U.S. Senate Democratic Leader Chuck Schumer (D-N.Y.) has signaled to Republican leadership that these extensions must be included in upcoming government funding decisions, otherwise Senate Democrats will withhold the necessary votes to pass what is known as a budget continuing resolution.
The proposed Republican-lead stopgap measure would only fund the federal government through Nov. 21, but it would temporarily avoid a government shutdown, which would begin on Oct. 1 if Congress doesn't pass the continuing resolution by Sept. 30.
U.S. House Speaker Mike Johnson (R-La.) says the debate over the ACA subsidies is a "a December policy issue, not a September funding issue," but Democrats argue open enrollment for people with ACA plans begins on Nov. 1, and several insurance providers are already announcing substantial rate hikes.
“Of our more than 50,000 Affordable Care Act enrollees, nearly 46,000 were supported by tax credits. That's 92% of the policyholders, and the credits brought down premiums an average of $538 a month and more than $6,400 a year," said Delaware Deputy Insurance Commissioner Tanisha Merced.
Delaware announced its new marketplace health insurance rates in August, which all increased anywhere from 25-35% due to federal budget activities, changes made to federal marketplace rules and the expiration of ACA enhanced tax credits.
Delaware is already losing one of its four insurance providers at the beginning of 2026; Aetna, which is leaving all the states it offers ACA plans in due to financial losses and lack of profitability.
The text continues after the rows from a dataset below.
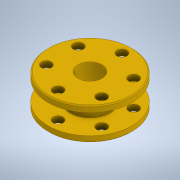
# Autodesk Inventor part: connecting rod hub
Saved by Autodesk Inventor 2020 (Build 240168000, 168)
## iProperties
Created: 2020-08-04
Part Number: connecting rod hub
Material: Generic
Document SubType Name: Modeling
Designer: benny
Density: 1 g/cm^3
Appearance: Gold
Author: benny
Autodesk Inventor part; units mm, degrees
ref_plane "YZ Plane" through (0, 0, 0) normal (1, 0, 0) x (0, 1, 0)
ref_plane "XZ Plane" through (0, 0, 0) normal (0, 1, 0) x (-1, 0, 0)
ref_plane "XY Plane" through (0, 0, 0) normal (0, 0, 1) x (1, 0, 0)
sketch "Sketch1" plane through (0, 0, 0) normal (0, 1, 0) x (-1, 0, 0)
  circle A0 centre (0, 0) radius 10
  dimension "d0" = 20
  constraints: 1 centre point, 1 coincident
  measures "d0" diameter of A0
extrude "Extrusion1" add sketch "Sketch1" along normal mid plane 10
sketch "Sketch2" plane through (0, 5, 0) normal (0, 1, 0) x (1, 0, 0)
  circle A0 centre (0, 0) radius 21
  dimension "d3" = 42
  constraints: 1 centre point, 1 coincident
  measures "d3" diameter of A0
extrude "Extrusion2" add sketch "Sketch2" along normal blind 3
sketch "Sketch3" plane through (0, -5, 0) normal (0, -1, 0) x (1, 0, 0)
  circle A0 centre (0, 0) radius 21
  dimension "d6" = 42
  constraints: 1 centre point, 1 coincident
  measures "d6" diameter of A0
extrude "Extrusion3" add sketch "Sketch3" along normal blind 3
sketch "Sketch4" plane through (0, 8, 0) normal (0, 1, 0) x (1, 0, 0)
  circle A0 centre (0, 0) radius 6
  dimension "d9" = 12
  constraints: 1 centre point, 1 coincident
  measures "d9" diameter of A0
extrude "Extrusion4" cut sketch "Sketch4" against normal blind 16
sketch "Sketch7" plane through (0, 8, 0) normal (0, 1, 0) x (1, 0, 0)
  circle A0 centre (0, -16) radius 2.5
  point P0 (0, 0)
  dimension "d13" = 5
  constraints: 1 centre point
  measures "d13" diameter of A0
extrude "Extrusion5" cut sketch "Sketch7" against normal blind 16
pattern_circular "Circular Pattern1" count 6 over 360 about axis through (0, 5, 0) along (0, 1, 0) of "Extrusion5"
chamfer "Chamfer1" distance 0.5 distance2 0.5 1 edges at (-21, 8, 0) measured on face at (-20.5, 8, 0)
chamfer "Chamfer2" distance 0.5 distance2 0.5 1 edges at (-21, -8, 0) measured on face at (-20.5, -8, 0)
body "Solid1"
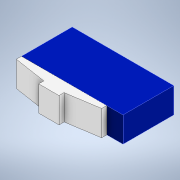
# Autodesk Inventor part: Switch_ESP2010_90
Saved by Autodesk Inventor 2021 (Build 250183000, 183)
## iProperties
Created: 2021-07-22
Part Number: Switch_ESP2010_90
Material: Generic
Document SubType Name: Modeling
Designer: ermoz
Density: 1 g/cm^3
Appearance: Default
Author: ermoz
Autodesk Inventor part; units mm, degrees
ref_plane "YZ Plane" through (0, 0, 0) normal (1, 0, 0) x (0, 1, 0)
ref_plane "XZ Plane" through (0, 0, 0) normal (0, 1, 0) x (-1, 0, 0)
ref_plane "XY Plane" through (0, 0, 0) normal (0, 0, 1) x (1, 0, 0)
sketch "Sketch1" plane through (0, 0, 0) normal (0, 1, 0) x (-1, 0, 0)
  line L0 (5, -2.5) -> (-5, -2.5)
  line L1 (-5, -2.5) -> (-5, 2.5)
  line L2 (-5, 2.5) -> (5, 2.5)
  line L3 (5, 2.5) -> (5, -2.5)
  line L4 (5, -2.5) -> (-5, 2.5) construction
  line L5 (-5, -2.5) -> (5, 2.5) construction
  point P0 (0, 0)
  dimension "d0" = 10
  dimension "d1" = 5
  constraints: 12 end point, 2 midpoint, 2 parallel, 1 horizontal, 1 perpendicular
  measures "d0" distance of L1.end L2.end
  measures "d1" distance of L0.end L1.end
extrude "Extrusion1" add sketch "Sketch1" along normal blind 2.5
sketch "Sketch2" plane through (-5, 0, 2.5) normal (0, 0, 1) x (1, 0, 0)
  line L0 (0, 2.5) -> (10, 2.5) projected
  line L1 (0, 0) -> (10, 0) projected
  line L2 (0, 2.5) -> (8.4, 2.5)
  line L3 (8.4, 2.5) -> (8.4, 0)
  line L4 (8.4, 0) -> (0, 0)
  line L5 (0, 0) -> (0, 2.5)
  point P0 (5, 0)
  dimension "d4" = 8.4
  constraints: 8 end point, 2 parallel, 1 horizontal, 1 perpendicular, 1 point on line
  measures "d4" distance of L3.end L4.end
extrude "Extrusion2" add sketch "Sketch2" along normal blind 1.5 separate body
sketch "Sketch3" plane through (-5, 0, 2.5) normal (0, -1, 0) x (1, 0, 0)
  line L0 (0, 1.5) -> (8.4, 1.5) projected
  line L1 (3.2, 1.5) -> (5.2, 1.5)
  line L2 (5.2, 1.5) -> (5.2, 1)
  line L3 (5.2, 1) -> (3.2, 1)
  line L4 (3.2, 1) -> (3.2, 1.5)
  line L5 (0, 0) -> (10, 0) projected
  line L6 (8.4, 0) -> (8.4, 1.5) projected
  line L7 (0, 0) -> (8.4, 0)
  line L8 (8.4, 0) -> (8.4, 0.5)
  line L9 (8.4, 0.5) -> (0, 0.5)
  line L10 (0, 0.5) -> (0, 0)
  line L11 (3.2, 1) -> (0, 0.5)
  line L12 (5.2, 1) -> (8.4, 0.5)
  line L13 (0, 1.5) -> (8.4, 1.5)
  line L14 (8.4, 1.5) -> (8.4, 0)
  line L15 (8.4, 0) -> (0, 0)
  line L16 (0, 0) -> (0, 1.5)
  point P0 (5, -2.5)
  point P1 (0, 0.5)
  dimension "d7" = 2
  dimension "d8" = 0.5
  dimension "d9" = 0.5
  constraints: 28 end point, 6 parallel, 3 horizontal, 3 perpendicular, 2 point on line, 1 equal length
  measures "d7" distance between parallel lines of L4 L2
  measures "d8" distance of L9.end L5.start
  measures "d9" distance of L3.end L1.start
extrude "Extrusion3" cut sketch "Sketch3" against normal through all contours L0 L4 L11 L16 | L0 L6 L12 L2 bodies 2
body "Solid1"
body "Solid2"

That leaves AmeriHealth, Highmark and Celtic Ambetter in Delaware's marketplace. Celtic Ambetter secured a 31.8% rate increase through the Delaware Department of Insurance after threatening to exit the state’s marketplace and leave their policyholders scrambling for new coverage.
"Ambetter did secure a rate that was higher than what the department would have preferred, however, it was actuarially justified — we did have our independent actuaries review it," Deputy Commissioner Merced said. "What we continue to do is have conversations through our national association with carriers. We continue to encourage them to come to Delaware... We have not heard from any other carrier that they will be pulling out of the market, even if the enhanced tax credits are not extended. So at this point, we believe we will have the same three carriers, at least for a good amount of time."
Gov. Meyer argues renewing the enhanced tax credits should not be a partisan issue, and he hopes Congress will unite to expand the expiration deadline before the marketplace opens in November.
"I don't think it's a Democrat/Republican issue. There are a lot of families who we all serve in districts across this state, from north to south, who can't kick the can down the road when you're talking about increases that are doubling, tripling healthcare costs. It's something that urgently needs to be addressed," Gov. Meyer said. "So I'm encouraging [Congress] to do whatever it takes to roll up their sleeves and get this done, and get it done in the next 45 days. Otherwise, the impact on Delawareans, like the impact on working people across this country, is going to be dramatic, and it's not going to be good."
Gov. Meyer says his only official communication with Congressional leadership on the matter was confirmation that the letter from the 18 Democratic governors had been received.
If Congress renews the tax credits before Nov. 1, Delaware's health insurance rates could be lowered before the marketplace opens.